I think the Mcallister COT is for the wider off road type cars like 18R. Our COT will fit the Brown Eng. car. BRP #264


----------



## bigb11 (Dec 26, 2006)

*New Car!*

Here It Is, We Went Back To The Drawing Board And Here Is The "scooby Horton II " Coming Out In September 2010.


----------



## bigb11 (Dec 26, 2006)

bigb11 said:


> Here It Is, We Went Back To The Drawing Board And Here Is The "scooby Horton II " Coming Out In September 2010.

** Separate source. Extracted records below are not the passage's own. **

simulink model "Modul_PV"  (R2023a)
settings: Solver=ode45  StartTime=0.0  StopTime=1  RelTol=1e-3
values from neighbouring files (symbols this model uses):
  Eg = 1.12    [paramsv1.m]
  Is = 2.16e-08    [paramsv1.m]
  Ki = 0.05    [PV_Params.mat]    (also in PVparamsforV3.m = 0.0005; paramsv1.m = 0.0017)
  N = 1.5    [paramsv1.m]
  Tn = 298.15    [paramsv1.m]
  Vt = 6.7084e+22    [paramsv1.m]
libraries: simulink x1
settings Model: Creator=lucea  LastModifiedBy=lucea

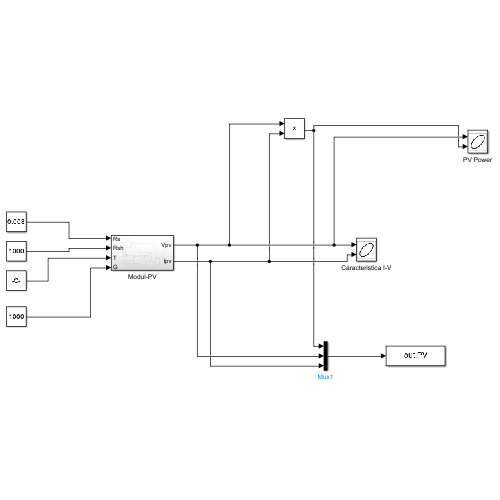
[thumbnail: Simulink's stored preview of the top-level diagram]
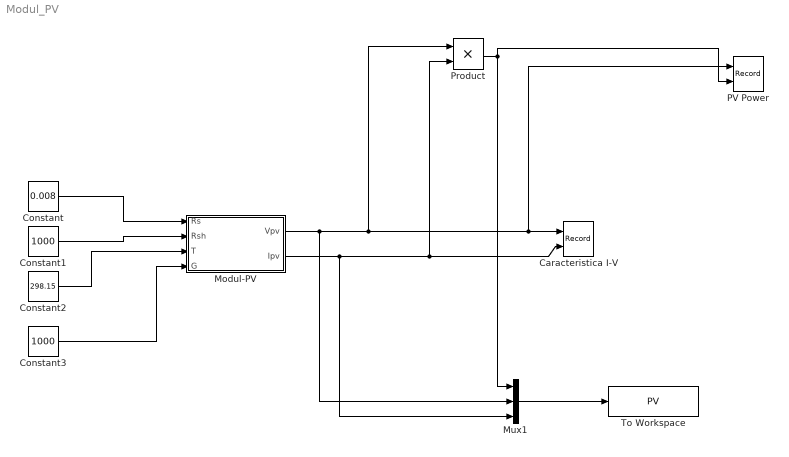
== system Modul_PV ==
  Caracteristica I-V : Record  FileSettingsInternal="{\"entries\":[{\"content\":{\"excelSettings\":{\"content\":{},\"type\":\"Streamout.ExcelSettings\"}},\"type\":\"Streamout.FileSettingStorage\",\"uuid\":\"\"}],\"packageUris\":[\"http:\\/\\/schema.mathworks.com\\/mf0\\/streamout_blocks\\/R2020a\"],\"version\":\"1.0\"}"  Layout=[1 1]  SignalsInternal="{\"entries\":[{\"content\":{\"signals\":[{\"content\":{\"blockPath\":[],\"dimensions\":[1],\"domain\":\"\",\"lineColor\":\"#edb120\",\"plots\":[1],\"port\":1,\"sid\":[\"\"],\"signalID\":768,\"signalName\":\"Modul-PV:1\"},\"type\":\"RecordBlkView.Signal\",\"uuid\":\"\"},{\"content\":{\"blockPath\":[],\"dimensions\":[1],\"domain\":\"\",\"lineColor\":\"#7e2f8e\",\"plots\":[1],\"port\":2,\"sid\":[\"\"],\"signalID\":772,\"signalName\":\"Modul-PV:2\"},\"type\":\"RecordBlkView.Signal\",\"uuid\":\"\"}]},\"type\":\"RecordBlkView.InputSignals\",\"uuid\":\"\"}],\"packageUris\":[\"http:\\/\\/schema.mathworks.com\\/mf0\\/streamout_blocks\\/R2020a\"],\"version\":\"1.0\"}"  VisualizationBindings="{\"xyplotplugin\":{\"info\":[{\"series\":[{\"bindingParametersList\":[{\"parameter\":\"X-Axis\",\"signalID\":768,\"signalName\":\"Modul-PV:1\"},{\"parameter\":\"Y-Axis\",\"signalID\":772,\"signalName\":\"Modul-PV:2\"}],\"seriesID\":7465}],\"subplotID\":1}]}}"  CompatibilityTag=XY  st=-1
  Constant : Constant  Value=0.008
  Constant1 : Constant  Value=1000
  Constant2 : Constant  Value=298.15
  Constant3 : Constant  Value=1000
  Modul-PV : Subsystem
  Mux1 : Mux  Inputs=3
  PV Power : Record  FileSettingsInternal="{\"entries\":[{\"content\":{\"excelSettings\":{\"content\":{},\"type\":\"Streamout.ExcelSettings\"}},\"type\":\"Streamout.FileSettingStorage\",\"uuid\":\"\"}],\"packageUris\":[\"http:\\/\\/schema.mathworks.com\\/mf0\\/streamout_blocks\\/R2020a\"],\"version\":\"1.0\"}"  Layout=[1 1]  SignalsInternal="{\"entries\":[{\"content\":{\"signals\":[{\"content\":{\"blockPath\":[],\"dimensions\":[1],\"domain\":\"\",\"lineColor\":\"#77ac30\",\"plots\":[1],\"port\":1,\"sid\":[\"\"],\"signalID\":776,\"signalName\":\"Modul-PV:1\"},\"type\":\"RecordBlkView.Signal\",\"uuid\":\"\"},{\"content\":{\"blockPath\":[],\"dimensions\":[1],\"domain\":\"\",\"lineColor\":\"#4dbeee\",\"plots\":[1],\"port\":2,\"sid\":[\"\"],\"signalID\":780,\"signalName\":\"Product\"},\"type\":\"RecordBlkView.Signal\",\"uuid\":\"\"}]},\"type\":\"RecordBlkView.InputSignals\",\"uuid\":\"\"}],\"packageUris\":[\"http:\\/\\/schema.mathworks.com\\/mf0\\/streamout_blocks\\/R2020a\"],\"version\":\"1.0\"}"  VisualizationBindings="{\"xyplotplugin\":{\"info\":[{\"series\":[{\"bindingParametersList\":[{\"parameter\":\"X-Axis\",\"signalID\":780,\"signalName\":\"Product\"},{\"parameter\":\"Y-Axis\",\"signalID\":776,\"signalName\":\"Modul-PV:1\"}],\"seriesID\":49836}],\"subplotID\":1}]}}"  CompatibilityTag=XY  st=-1
  Product : Product
  To Workspace : ToWorkspace  VariableName=PV  SaveFormat=Structure With Time  SampleTime=-1
  wires:
  Modul-PV/1(Vpv) -> Mux1/2, PV Power/1, Caracteristica I-V/1, Product/1
  Modul-PV/2(Ipv) -> Mux1/3, Caracteristica I-V/2, Product/2
  Product/1 -> PV Power/2, Mux1/1
  Mux1/1 -> To Workspace/1
  Constant/1 -> Modul-PV/1(Rs)
  Constant1/1 -> Modul-PV/2(Rsh)
  Constant2/1 -> Modul-PV/3(T)
  Constant3/1 -> Modul-PV/4(G)

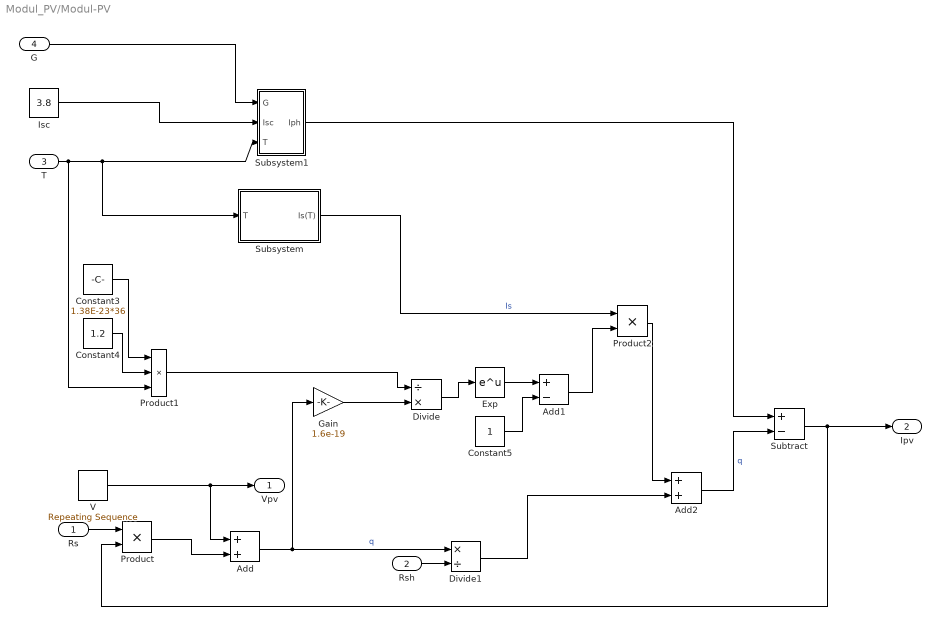
== system Modul_PV/Modul-PV ==
  Rs : Inport
  Rsh : Inport  Port=2
  T : Inport  Port=3
  G : Inport  Port=4
  Add : Sum
  Add1 : Sum  Inputs=+-
  Add2 : Sum
  Constant3 : Constant  Value=1.38E-23*36
  Constant4 : Constant  Value=1.2
  Constant5 : Constant
  Divide : Product  Inputs=/*
  Divide1 : Product  Inputs=*/
  Exp : Math
  Gain : Gain  Gain=1.6e-19
  Isc : Constant  Value=3.8
  Product : Product
  Product1 : Product  Inputs=3
  Product2 : Product
  Subsystem : Subsystem
  Subsystem1 : Subsystem
  Subtract : Sum  Inputs=+-
  V : simulink/Sources/Repeating Sequence  rep_seq_t=[0 1 2]  rep_seq_y=[-0.1 21.3 -0.1]
  Vpv : Outport
  Ipv : Outport  Port=2
  wires:
  T/1 -> Product1/3, Subsystem1/3(T), Subsystem/1(T)
  Divide/1 -> Exp/1
  Constant3/1 -> Product1/1
  Subtract/1 -> Ipv/1, Product/2
  Isc/1 -> Subsystem1/2(Isc)
  Add2/1 -> Subtract/2  "q"
  Constant4/1 -> Product1/2
  V/1 -> Vpv/1, Add/1
  Gain/1 -> Divide/2
  G/1 -> Subsystem1/1(G)
  Product/1 -> Add/2
  Add/1 -> Gain/1, Divide1/1  "q"
  Constant5/1 -> Add1/2
  Rs/1 -> Product/1
  Add1/1 -> Product2/2
  Subsystem/1(Is(T)) -> Product2/1  "Is"
  Exp/1 -> Add1/1
  Product2/1 -> Add2/1
  Rsh/1 -> Divide1/2
  Product1/1 -> Divide/1
  Divide1/1 -> Add2/2
  Subsystem1/1(Iph) -> Subtract/1

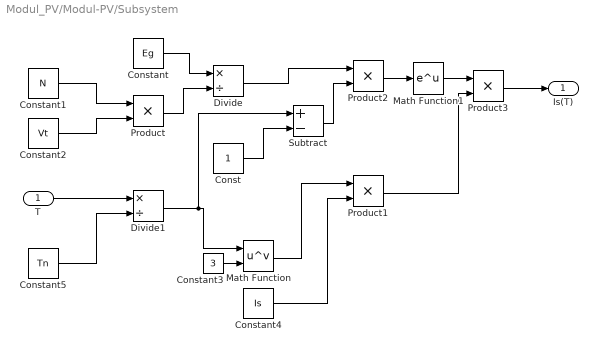
== system Modul_PV/Modul-PV/Subsystem ==
  T : Inport
  Const : Constant
  Constant : Constant  Value=Eg
  Constant1 : Constant  Value=N
  Constant2 : Constant  Value=Vt
  Constant3 : Constant  Value=3
  Constant4 : Constant  Value=Is
  Constant5 : Constant  Value=Tn
  Divide : Product  Inputs=*/
  Divide1 : Product  Inputs=*/
  Math Function : Math  Operator=pow  SignedPower=on
  Math Function1 : Math
  Product{,1..3} (4 alike) : Product
  Subtract : Sum  Inputs=+-
  Is(T) : Outport
  wires:
  Constant1/1 -> Product/1
  Divide/1 -> Product2/1
  Const/1 -> Subtract/2
  Divide1/1 -> Subtract/1, Math Function/1
  Constant4/1 -> Product1/2
  Constant2/1 -> Product/2
  Math Function1/1 -> Product3/1
  Product2/1 -> Math Function1/1
  Math Function/1 -> Product1/1
  Constant5/1 -> Divide1/2
  Subtract/1 -> Product2/2
  Product1/1 -> Product3/2
  T/1 -> Divide1/1
  Constant/1 -> Divide/1
  Product/1 -> Divide/2
  Constant3/1 -> Math Function/2
  Product3/1 -> Is(T)/1

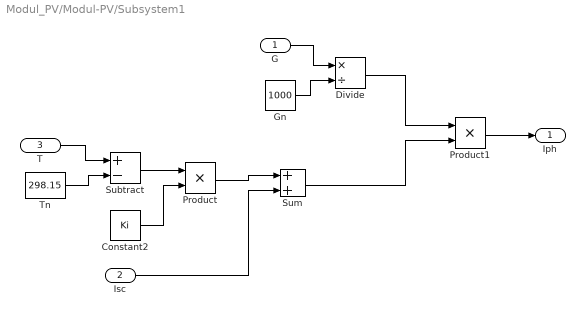
== system Modul_PV/Modul-PV/Subsystem1 ==
  G : Inport
  Isc : Inport  Port=2
  T : Inport  Port=3
  Constant2 : Constant  Value=Ki
  Divide : Product  Inputs=*/
  Gn : Constant  Value=1000
  Product : Product
  Product1 : Product
  Subtract : Sum  Inputs=+-
  Sum : Sum
  Tn : Constant  Value=298.15
  Iph : Outport
  wires:
  T/1 -> Subtract/1
  G/1 -> Divide/1
  Divide/1 -> Product1/1
  Product1/1 -> Iph/1
  Sum/1 -> Product1/2
  Product/1 -> Sum/1
  Tn/1 -> Subtract/2
  Constant2/1 -> Product/2
  Gn/1 -> Divide/2
  Isc/1 -> Sum/2
  Subtract/1 -> Product/1

Sorry for the delay, but it will be worth the wait. OCTOBER 30 SHOULD BE THE RELEASE DATE. THERE WILL BE ONLY 32 KITS AVAILIBLE.


----------



## sg1 (Apr 2, 2003)

Will we see the new chassis at the ECC?


----------



## bigb11 (Dec 26, 2006)

yes, we will have our full team there.


----------



## bigb11 (Dec 26, 2006)

SCOOBY II KITS ARE SHIPPING NOW! GET YOURS NOW, ONCE THERE GONE THERE GONE.


----------



## jamesj (Sep 25, 2010)

how do i get one and how much


----------



## bigb11 (Dec 26, 2006)

Please go to www.browneng.org


----------



## actionplus (Nov 15, 2010)

*To bad*

Man, I just got myself the old version.


----------



## bigb11 (Dec 26, 2006)

*New oval car*

The new car has 2 degree of camber + - , large rear pod to fit most motors and it will be a kit no more needing a donorer car.


----------



## Micro_Racer (Mar 27, 2002)

Cool stang body.....


----------



## bigb11 (Dec 26, 2006)

The new Rhino is ready to ship! Rhino Oval coming soooooooon.


----------



## Micro_Racer (Mar 27, 2002)

When you going to come out to Ohio? We could host the Micro Nationals (I don't think RC Madness has them anymore)....


----------



## martian 710 (Jan 22, 2004)

Micro_Racer said:


> When you going to come out to Ohio? We could host the Micro Nationals (I don't think RC Madness has them anymore)....


They are supposed to be at Middle River Hobbies in Maryland this year.


----------



## DougK (Apr 20, 2008)

Car looks great! 

Doug K.


----------